# AVAILABLE RECORDS
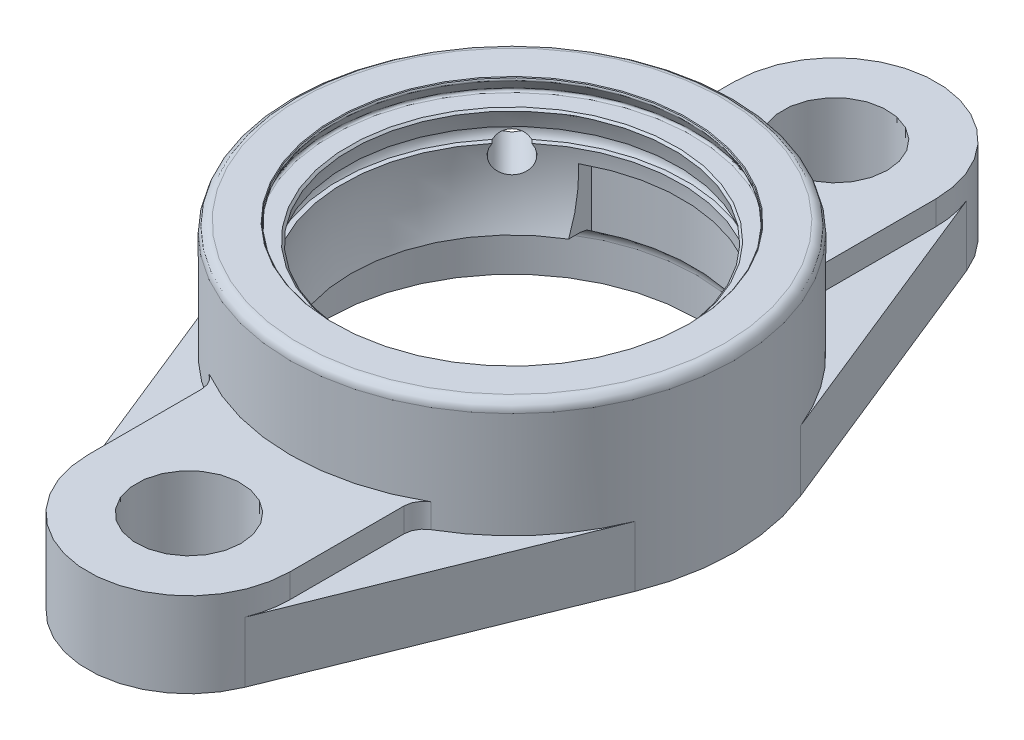
# Autodesk Inventor part: FL 205/Y++35.7_h
Saved by Autodesk Inventor 2019 (Build 230136000, 136)
## iProperties
Created: 2024-04-15
Part Number: FL 205/Y++35.7_h
Material: Generic
Catalog Web Link: www.cadenas.de
Description: AFC_011-012_AFV_011_AFP_011 h-Oval flanged housings for Y-bearings
Vendor: SKF
Document SubType Name: Modeling
Designer: psAdmin
Manufacturer: SKF
Mass: 60.0993 g
Surface Area: 206.448 cm^2
Volume: 60.0993 cm^3
Density: 1 g/cm^3
Appearance: PSOLRGB-175-175-175
Category: PARTsolutions
Company: SKF
Title: FL 205/Y++35.7_h
Author: Cadenas PARTsolutions
Comments: Oval flanged housings for Y-bearings
PSOL_IDENT_0: {$CADENAS_DATA/23d-libs/skf/bearings_units_and_housings/bearing_units/ball_bearing_units/y-units/y-b
PSOL_IDENT_1: earing_oval_flanged_units_parts/ayf_002hc_hh_hy_ayd_001hp_housing.prj},205 {VTYP=3D},{NB=FL 205/Y++3
PSOL_IDENT_2: 5.7_h},{LINA=FL 205/Y++35.7_h},{NN=AFC_011-012_AFV_011_AFP_011 h},{DATE=10.03.2023 09:37:08},{GEOMDA
PSOL_IDENT_3: TE=02.03.2023 09:48:21},{VERSION=},{LINEID=6030},{WBVAR=COVER,T},{WBNUMERIC=T}  {NB=FL 205/Y++35.7_h
PSOL_IDENT_4: },{LINA=FL 205/Y++35.7_h},{KT=DUMMY},{DESIGNATION=FL 205/Y},{COVER=},{DAAX=0.000},{T=35.700},{SS1=19
PSOL_IDENT_5: .700},{D=52.000},{DA=0.000},{DB=0.000},{DB1=68.000},{DB2=0.000},{A=27.000},{A1=13.000},{A2=0.000},{A
PSOL_IDENT_6: 3=0.000},{A5=20.500},{J=99.000},{H=130.000},{L=68.000},{N=16.000},{RG=1/4-28 UNF},{R1=17.500},{DN=6.
PSOL_IDENT_7: 6},{RA=45.000},{SWN=7.940},{GN=1/4-28 UNF},{J6=0.000},{J7=0.000},{N1=0.000},{N4=0.000},{MASS=0.610},
PSOL_IDENT_8: {G=14.000},{GIN=0.563},{EC=ECY 205},{AEC=23.000},{DEC=49.100},{D1EC=54.000},{D2EC=55.500},{DESIGN=uc
PSOL_IDENT_9: fl/ukfl_205},{ECPN=},{SUPPRESSED=unsuppressed},{R2=0.000},{H1=0.000},{L1=0.000},{H2=0.000},{R3=0.000
PSOL_IDENT_10: },{H3=0.000},{L2=0.000},{H4=0.000},{H5=0.000},{H6=0.000},{R4=0.000},{L3=0.000},{H7=0.000},{H8=0.000}
PSOL_IDENT_11: ,{H9=0.000},{L4=0.000},{H10=0.000},{H11=0.000},{H12=0.000},{DC=0.000},{DD=0.000},{R5=0.000},{R6=0.00
PSOL_IDENT_12: 0},{X=0.000},{Y=0.000},{R7=0.000},{X2=0.000},{Y2=0.000},{E=0.000},{TALG=35.7,35.8}
NB: FL 205/Y++35.7_h
NN: AFC_011-012_AFV_011_AFP_011 h
NT: Oval flanged housings for Y-bearings
NBSYN: $DESIGNATION.+$COVER.+$T._h
LINA: FL 205/Y++35.7_h
CATALOG: SKF
DESIGNATION: FL 205/Y
COVER: No End Cover
DAAX: 0
T: 35.7
D: 52
DA: 0
DB: 0
DB1: 68
DB2: 0
A: 27
A1: 13
A2: 0
A3: 0
A5: 20.5
J: 99
H: 130
L: 68
N: 16
RG: 1/4-28 UNF
R1: 17.5
DN: 6.6
RA: 45
SWN: 7.94
GN: 1/4-28 UNF
J6: 0
J7: 0
N1: 0
N4: 0
MASS: 0.61
G: 14
GIN: 0.563
EC: ECY 205
AEC: 23
DEC: 49.1
D1EC: 54
D2EC: 55.5
R2: 0
H1: 0
L1: 0
H2: 0
R3: 0
H3: 0
L2: 0
H4: 0
H5: 0
H6: 0
R4: 0
L3: 0
H7: 0
H8: 0
H9: 0
L4: 0
H10: 0
H11: 0
H12: 0
DC: 0
DD: 0
R5: 0
R6: 0
X: 0
Y: 0
R7: 0
X2: 0
Y2: 0
E: 0
SUPPLIER: SKF
ARTICLENO: FL 205/Y++35.7_h
BOMINFO: FL 205/Y++35.7_h
CREATOR: CADENAS GmbH
Autodesk Inventor part; units mm, degrees
sketch "Sketch_1" plane through (0, 0, 0) normal (0, 0, 1) x (1, 0, 0)
  line L0 (0, 0) -> (0, 27)
  line L1 (0, 27) -> (32.5, 27)
  arc A0 (34, 25.5) -> (32.5, 27) centre (32.5, 25.5) ccw
  line L2 (34, 25.5) -> (34, 0)
  line L3 (34, 0) -> (0, 0)
  line L4 (0, 0) -> (0, 27)
  constraints: 10 end point, 2 point on circle, 1 centre point
revolve "Revolution1" add sketch "Sketch_1" angle 360 about axis through (0, 0, 0) along (0, -1, 0)
sketch "Sketch_2" plane through (0, 0, 0) normal (0, 1, 0) x (-1, 0, 0)
  arc A0 (31.5362, -12.7071) -> (31.5362, 12.7071) centre (0, 0) ccw
  line L0 (31.5362, 12.7071) -> (14.3768, 55.2929)
  arc A1 (14.3768, 55.2929) -> (-14.3768, 55.2929) centre (0, 49.5) ccw
  line L1 (-14.3768, 55.2929) -> (-31.5362, 12.7071)
  arc A2 (-31.5362, 12.7071) -> (-31.5362, -12.7071) centre (0, 0) ccw
  line L2 (-31.5362, -12.7071) -> (-14.3768, -55.2929)
  arc A3 (-14.3768, -55.2929) -> (14.3768, -55.2929) centre (0, -49.5) ccw
  line L3 (14.3768, -55.2929) -> (31.5362, -12.7071)
  constraints: 8 end point, 8 point on circle, 4 centre point
extrude "Extrusion1" add sketch "Sketch_2" along normal blind 9.3
sketch "Sketch_3" plane through (0, 0, 0) normal (0, 1, 0) x (-1, 0, 0)
  arc A0 (17, -29.4449) -> (17, 29.4449) centre (0, 0) ccw
  arc A1 (15.5, 32.0429) -> (17, 29.4449) centre (18.5, 32.0429) ccw
  line L0 (15.5, 32.0429) -> (15.5, 49.5)
  arc A2 (15.5, 49.5) -> (-15.5, 49.5) centre (0, 49.5) ccw
  line L1 (-15.5, 49.5) -> (-15.5, 32.0429)
  arc A3 (-17, 29.4449) -> (-15.5, 32.0429) centre (-18.5, 32.0429) ccw
  arc A4 (-17, 29.4449) -> (-17, -29.4449) centre (0, 0) ccw
  arc A5 (-15.5, -32.0429) -> (-17, -29.4449) centre (-18.5, -32.0429) ccw
  line L2 (-15.5, -32.0429) -> (-15.5, -49.5)
  arc A6 (-15.5, -49.5) -> (15.5, -49.5) centre (0, -49.5) ccw
  line L3 (15.5, -49.5) -> (15.5, -32.0429)
  arc A7 (17, -29.4449) -> (15.5, -32.0429) centre (18.5, -32.0429) ccw
  constraints: 16 point on circle, 8 centre point, 8 end point
extrude "Extrusion2" add sketch "Sketch_3" along normal blind 13
sketch "Sketch4" plane through (0, 0, 49.5) normal (0, -1, 0) x (1, 0, 0)
  point P0 (0, 0)
hole "Hole1" at (0, 0, 49.5) direction (0, 1, 0) diameter 16 depth 13
sketch "Sketch5" plane through (0, 0, 49.5) normal (0, -1, 0) x (1, 0, 0)
  point P0 (0, -99)
hole "Hole2" at (0, 0, -49.5) direction (0, 1, 0) diameter 16 depth 13
sketch "Sketch_6" plane through (0, 0, 0) normal (0, 0, 1) x (1, 0, 0)
  line L0 (0, 0) -> (0, 27)
  line L1 (0, 27) -> (27.19, 27)
  line L2 (27.19, 27) -> (27.0893, 26.8993)
  arc A0 (27.0893, 26.8993) -> (27.0416, 26.5372) centre (27.3014, 26.6872) ccw
  line L3 (27.0416, 26.5372) -> (27.958, 24.95)
  arc A1 (27.6982, 24.5) -> (27.958, 24.95) centre (27.6982, 24.8) ccw
  line L4 (27.6982, 24.5) -> (24.9997, 24.5)
  line L5 (24.9997, 24.5) -> (24.6797, 24.18)
  arc A2 (25.3787, 21.65) -> (24.6797, 24.18) centre (0, 16) ccw
  line L6 (25.3787, 21.65) -> (26.5612, 21.65)
  arc A3 (26.5612, 19.15) -> (26.5612, 21.65) centre (25, 20.4) ccw
  line L7 (26.5612, 19.15) -> (25.8085, 19.15)
  arc A4 (24.6564, 7.75) -> (25.8085, 19.15) centre (0, 16) ccw
  line L8 (24.6564, 7.75) -> (26.25, 7.75)
  arc A5 (28.25, 5.75) -> (26.25, 7.75) centre (26.25, 5.75) ccw
  line L9 (28.25, 5.75) -> (28.25, 0)
  line L10 (28.25, 0) -> (0, 0)
  line L11 (0, 0) -> (0, 27)
  constraints: 24 end point, 12 point on circle, 6 centre point
revolve "Revolution2" cut sketch "Sketch_6" angle 360 about axis through (0, 0, 0) along (0, -1, 0)
sketch "Sketch_7" plane through (0, 0, 0) normal (0, 1, 0) x (-1, 0, 0)
  line L0 (12.545, -24.7525) -> (12.545, 24.7525)
  arc A0 (12.545, 24.7525) -> (-12.545, 24.7525) centre (0, 0) ccw
  line L1 (-12.545, 24.7525) -> (-12.545, -24.7525)
  arc A1 (-12.545, -24.7525) -> (12.545, -24.7525) centre (0, 0) ccw
  constraints: 4 end point, 4 point on circle, 2 centre point
extrude "Extrusion3" cut sketch "Sketch_7" along normal blind 17
sketch "Sketch_8" plane through (0, 0, 0) normal (0.7071, 0, -0.7071) x (-0.7071, 0, -0.7071)
  line L0 (34, 17.5) -> (0, 17.5)
  line L1 (0, 17.5) -> (0, 20.205)
  line L2 (0, 20.205) -> (34, 20.205)
  line L3 (34, 20.205) -> (34, 17.5)
  line L4 (34, 17.5) -> (0, 17.5)
  constraints: 10 end point
revolve "Revolution3" cut sketch "Sketch_8" angle 360 about axis through (-24.0416, 17.5, -24.0416) along (-0.7071, 0, -0.7071)
sketch "Sketch_9" plane through (-27.2, 0, 0) normal (1, 0, 0) x (0, 0, -1)
  arc A0 (-13.5973, 18.0793) -> (-13.5037, 17.9857) centre (-13.5037, 18.0793) ccw
  line L0 (-13.5037, 17.9857) -> (-12.3597, 17.9857)
  arc A1 (-12.3597, 17.9857) -> (-12.2661, 18.0793) centre (-12.3597, 18.0793) ccw
  line L1 (-12.2661, 18.0793) -> (-12.2661, 18.635)
  arc A2 (-12.1725, 18.7286) -> (-12.2661, 18.635) centre (-12.1725, 18.635) ccw
  line L2 (-12.1725, 18.7286) -> (-8.0511, 18.7286)
  arc A3 (-7.9575, 18.635) -> (-8.0511, 18.7286) centre (-8.0511, 18.635) ccw
  line L3 (-7.9575, 18.635) -> (-7.9575, 17.4078)
  arc A4 (-8.1224, 17.2429) -> (-7.9575, 17.4078) centre (-8.1224, 17.4078) ccw
  line L4 (-8.1224, 17.2429) -> (-9.2783, 17.2429)
  arc A5 (-9.4432, 17.4078) -> (-9.2783, 17.2429) centre (-9.2783, 17.4078) ccw
  line L5 (-9.4432, 17.4078) -> (-9.4432, 17.4486)
  arc A6 (-9.4432, 17.4486) -> (-9.6081, 17.6135) centre (-9.6081, 17.4486) ccw
  line L6 (-9.6081, 17.6135) -> (-10.764, 17.6135)
  arc A7 (-10.764, 17.6135) -> (-10.9289, 17.4486) centre (-10.764, 17.4486) ccw
  line L7 (-10.9289, 17.4486) -> (-10.9289, 16.2927)
  arc A8 (-10.9289, 16.2927) -> (-10.764, 16.1278) centre (-10.764, 16.2927) ccw
  line L8 (-10.764, 16.1278) -> (-9.6081, 16.1278)
  arc A9 (-9.6081, 16.1278) -> (-9.4432, 16.2927) centre (-9.6081, 16.2927) ccw
  line L9 (-9.4432, 16.2927) -> (-9.4432, 16.3351)
  arc A10 (-9.2783, 16.5) -> (-9.4432, 16.3351) centre (-9.2783, 16.3351) ccw
  line L10 (-9.2783, 16.5) -> (-8.1224, 16.5)
  arc A11 (-7.9575, 16.3351) -> (-8.1224, 16.5) centre (-8.1224, 16.3351) ccw
  line L11 (-7.9575, 16.3351) -> (-7.9575, 15.8507)
  arc A12 (-8.0511, 15.7571) -> (-7.9575, 15.8507) centre (-8.0511, 15.8507) ccw
  line L12 (-8.0511, 15.7571) -> (-8.5354, 15.7571)
  arc A13 (-8.5354, 15.7571) -> (-8.7003, 15.5922) centre (-8.5354, 15.5922) ccw
  line L13 (-8.7003, 15.5922) -> (-8.7003, 13.6222)
  arc A14 (-8.7003, 13.6222) -> (-8.6067, 13.5286) centre (-8.6067, 13.6222) ccw
  line L14 (-8.6067, 13.5286) -> (-5.9674, 13.5286)
  arc A15 (-5.9674, 13.5286) -> (-5.8025, 13.6935) centre (-5.9674, 13.6935) ccw
  line L15 (-5.8025, 13.6935) -> (-5.8025, 14.3673)
  line L16 (-5.8025, 14.3673) -> (-4.9667, 14.3673)
  line L17 (-4.9667, 14.3673) -> (-4.9667, 13.8331)
  arc A16 (-4.9667, 13.8331) -> (-4.6622, 13.5286) centre (-4.6622, 13.8331) ccw
  line L18 (-4.6622, 13.5286) -> (-1.883, 13.5286)
  arc A17 (-1.883, 13.5286) -> (-1.6677, 13.6178) centre (-1.883, 13.8331) ccw
  line L19 (-1.6677, 13.6178) -> (0.7541, 16.0395)
  arc A18 (1.274, 15.8241) -> (0.7541, 16.0395) centre (0.9694, 15.8241) ccw
  line L20 (1.274, 15.8241) -> (1.274, 13.8331)
  arc A19 (1.274, 13.8331) -> (1.5786, 13.5286) centre (1.5786, 13.8331) ccw
  line L21 (1.5786, 13.5286) -> (4.0887, 13.5286)
  arc A20 (4.0887, 13.5286) -> (4.3933, 13.8331) centre (4.0887, 13.8331) ccw
  line L22 (4.3933, 13.8331) -> (4.3933, 14.3673)
  line L23 (4.3933, 14.3673) -> (5.229, 14.3673)
  line L24 (5.229, 14.3673) -> (5.229, 13.6244)
  arc A21 (5.229, 13.6244) -> (5.3248, 13.5286) centre (5.3248, 13.6244) ccw
  line L25 (5.3248, 13.5286) -> (12.9331, 13.5286)
  arc A22 (12.9331, 13.5286) -> (13.029, 13.6244) centre (12.9331, 13.6244) ccw
  line L26 (13.029, 13.6244) -> (13.029, 15.6613)
  arc A23 (13.029, 15.6613) -> (12.9331, 15.7571) centre (12.9331, 15.6613) ccw
  line L27 (12.9331, 15.7571) -> (10.8962, 15.7571)
  arc A24 (10.8962, 15.7571) -> (10.8004, 15.6613) centre (10.8962, 15.6613) ccw
  line L28 (10.8004, 15.6613) -> (10.8004, 14.3673)
  arc A25 (10.7046, 14.2714) -> (10.8004, 14.3673) centre (10.7046, 14.3673) ccw
  line L29 (10.7046, 14.2714) -> (7.9248, 14.2714)
  arc A26 (7.829, 14.3673) -> (7.9248, 14.2714) centre (7.9248, 14.3673) ccw
  line L30 (7.829, 14.3673) -> (7.829, 16.4042)
  arc A27 (7.9248, 16.5) -> (7.829, 16.4042) centre (7.9248, 16.4042) ccw
  line L31 (7.9248, 16.5) -> (12.1903, 16.5)
  arc A28 (12.1903, 16.5) -> (12.2861, 16.5958) centre (12.1903, 16.5958) ccw
  line L32 (12.2861, 16.5958) -> (12.2861, 19.3756)
  arc A29 (12.2861, 19.3756) -> (12.1903, 19.4714) centre (12.1903, 19.3756) ccw
  line L33 (12.1903, 19.4714) -> (6.4391, 19.4714)
  arc A30 (6.4391, 19.4714) -> (6.3433, 19.3756) centre (6.4391, 19.3756) ccw
  line L34 (6.3433, 19.3756) -> (6.3433, 18.0793)
  arc A31 (6.3433, 18.0793) -> (6.4369, 17.9857) centre (6.4369, 18.0793) ccw
  line L35 (6.4369, 17.9857) -> (9.2189, 17.9857)
  arc A32 (9.2189, 17.9857) -> (9.3147, 18.0815) centre (9.2189, 18.0815) ccw
  line L36 (9.3147, 18.0815) -> (9.3147, 18.6327)
  arc A33 (9.4105, 18.7286) -> (9.3147, 18.6327) centre (9.4105, 18.6327) ccw
  line L37 (9.4105, 18.7286) -> (9.9617, 18.7286)
  arc A34 (10.0575, 18.6327) -> (9.9617, 18.7286) centre (9.9617, 18.6327) ccw
  line L38 (10.0575, 18.6327) -> (10.0575, 17.3387)
  arc A35 (9.9617, 17.2429) -> (10.0575, 17.3387) centre (9.9617, 17.3387) ccw
  line L39 (9.9617, 17.2429) -> (5.3226, 17.2429)
  arc A36 (5.3226, 17.2429) -> (5.229, 17.1493) centre (5.3226, 17.1493) ccw
  line L40 (5.229, 17.1493) -> (5.229, 14.6072)
  line L41 (5.229, 14.6072) -> (4.3933, 14.6072)
  line L42 (4.3933, 14.6072) -> (4.3933, 15.5751)
  arc A37 (4.3933, 15.5751) -> (4.2113, 15.7571) centre (4.2113, 15.5751) ccw
  line L43 (4.2113, 15.7571) -> (3.9475, 15.7571)
  line L44 (3.9475, 15.7571) -> (3.9475, 17.2429)
  line L45 (3.9475, 17.2429) -> (4.2113, 17.2429)
  arc A38 (4.2113, 17.2429) -> (4.3933, 17.4249) centre (4.2113, 17.4249) ccw
  line L46 (4.3933, 17.4249) -> (4.3933, 19.1669)
  arc A39 (4.3933, 19.1669) -> (4.0887, 19.4714) centre (4.0887, 19.1669) ccw
  line L47 (4.0887, 19.4714) -> (1.5786, 19.4714)
  arc A40 (1.5786, 19.4714) -> (1.274, 19.1669) centre (1.5786, 19.1669) ccw
  line L48 (1.274, 19.1669) -> (1.274, 16.9758)
  arc A41 (0.9633, 16.8471) -> (1.274, 16.9758) centre (1.092, 16.9758) ccw
  line L49 (0.9633, 16.8471) -> (-1.5039, 19.3143)
  arc A42 (-1.5039, 19.3143) -> (-1.8832, 19.4714) centre (-1.8832, 18.9351) ccw
  line L50 (-1.8832, 19.4714) -> (-3.9193, 19.4714)
  arc A43 (-3.9193, 19.4714) -> (-4.2239, 19.1669) centre (-3.9193, 19.1669) ccw
  line L51 (-4.2239, 19.1669) -> (-4.2239, 18.2903)
  arc A44 (-4.2239, 18.2903) -> (-3.9193, 17.9857) centre (-3.9193, 18.2903) ccw
  line L52 (-3.9193, 17.9857) -> (-1.883, 17.9857)
  arc A45 (-1.6677, 17.8965) -> (-1.883, 17.9857) centre (-1.883, 17.6811) ccw
  line L53 (-1.6677, 17.8965) -> (-1.2706, 17.4995)
  arc A46 (-1.2706, 17.0687) -> (-1.2706, 17.4995) centre (-1.486, 17.2841) ccw
  line L54 (-1.2706, 17.0687) -> (-2.4251, 15.9142)
  arc A47 (-2.8043, 15.7571) -> (-2.4251, 15.9142) centre (-2.8043, 16.2935) ccw
  line L55 (-2.8043, 15.7571) -> (-4.6622, 15.7571)
  arc A48 (-4.6622, 15.7571) -> (-4.9667, 15.4526) centre (-4.6622, 15.4526) ccw
  line L56 (-4.9667, 15.4526) -> (-4.9667, 14.6072)
  line L57 (-4.9667, 14.6072) -> (-5.8025, 14.6072)
  line L58 (-5.8025, 14.6072) -> (-5.8025, 15.5922)
  arc A49 (-5.8025, 15.5922) -> (-5.9674, 15.7571) centre (-5.9674, 15.5922) ccw
  line L59 (-5.9674, 15.7571) -> (-6.0097, 15.7571)
  arc A50 (-6.1746, 15.9221) -> (-6.0097, 15.7571) centre (-6.0097, 15.9221) ccw
  line L60 (-6.1746, 15.9221) -> (-6.1746, 17.0779)
  arc A51 (-6.0097, 17.2429) -> (-6.1746, 17.0779) centre (-6.0097, 17.0779) ccw
  line L61 (-6.0097, 17.2429) -> (-5.9674, 17.2429)
  arc A52 (-5.9674, 17.2429) -> (-5.8025, 17.4078) centre (-5.9674, 17.4078) ccw
  line L62 (-5.8025, 17.4078) -> (-5.8025, 19.3778)
  arc A53 (-5.8025, 19.3778) -> (-5.8961, 19.4714) centre (-5.8961, 19.3778) ccw
  line L63 (-5.8961, 19.4714) -> (-13.5037, 19.4714)
  arc A54 (-13.5037, 19.4714) -> (-13.5973, 19.3778) centre (-13.5037, 19.3778) ccw
  line L64 (-13.5973, 19.3778) -> (-13.5973, 18.0793)
  constraints: 130 end point, 110 point on circle, 55 centre point
extrude "Extrusion4" add sketch "Sketch_9" against normal blind 7
sketch "Sketch_10" plane through (0, 0, 0) normal (0, 0, 1) x (1, 0, 0)
  line L0 (0, 27) -> (0, 0)
  line L1 (-52, 9) -> (-34.2, 9)
  line L2 (-34.2, 9) -> (-34.2, 27)
  line L3 (-34.2, 27) -> (-52, 27)
  line L4 (-52, 27) -> (-52, 9)
  constraints: 10 end point
revolve "Revolution4" cut sketch "Sketch_10" angle 54.4 mid plane about axis through (0, 27, 0) along (0, -1, 0)
ref_plane "brg_XY" through (0, 16, 0) normal (0, 1, 0) x (1, 0, 0)
ref_plane "brg_YZ" through (0, 16, 0) normal (1, 0, 0) x (0, 0, -1)
ref_plane "brg_ZX" through (0, 16, 0) normal (0, 0, -1) x (0, 1, 0)
ref_plane "cover_XY" through (0, 47.5, 0) normal (0, 1, 0) x (1, 0, 0)
ref_plane "cover_YZ" through (0, 47.5, 0) normal (1, 0, 0) x (0, 0, -1)
ref_plane "cover_ZX" through (0, 47.5, 0) normal (0, 0, -1) x (0, 1, 0)
ref_plane "gn_XY" through (-24.0416, 17.5, -24.0416) normal (0.7071, 0, -0.7071) x (-0.7071, 0, -0.7071)
ref_plane "gn_YZ" through (-24.0416, 17.5, -24.0416) normal (-0.7071, 0, -0.7071) x (0, 1, 0)
ref_plane "gn_ZX" through (-24.0416, 17.5, -24.0416) normal (0, 1, 0) x (0.7071, 0, -0.7071)
ref_plane "housing_XY" through (0, 0, 0) normal (0, 1, 0) x (1, 0, 0)
ref_plane "housing_YZ" through (0, 0, 0) normal (1, 0, 0) x (0, 0, -1)
ref_plane "housing_ZX" through (0, 0, 0) normal (0, 0, -1) x (0, 1, 0)
body "Solid1"

# TASK ITEM
Take from the material above the lines running from the one with "line L11 (-7.9575, 16.3351)" through the one with "line L13 (-8.7003, 15.5922)", and repeat them exactly, with nothing else.

# RESPONSE TO THE EXERCISE
  line L11 (-7.9575, 16.3351) -> (-7.9575, 15.8507)
  arc A12 (-8.0511, 15.7571) -> (-7.9575, 15.8507) centre (-8.0511, 15.8507) ccw
  line L12 (-8.0511, 15.7571) -> (-8.5354, 15.7571)
  arc A13 (-8.5354, 15.7571) -> (-8.7003, 15.5922) centre (-8.5354, 15.5922) ccw
  line L13 (-8.7003, 15.5922) -> (-8.7003, 13.6222)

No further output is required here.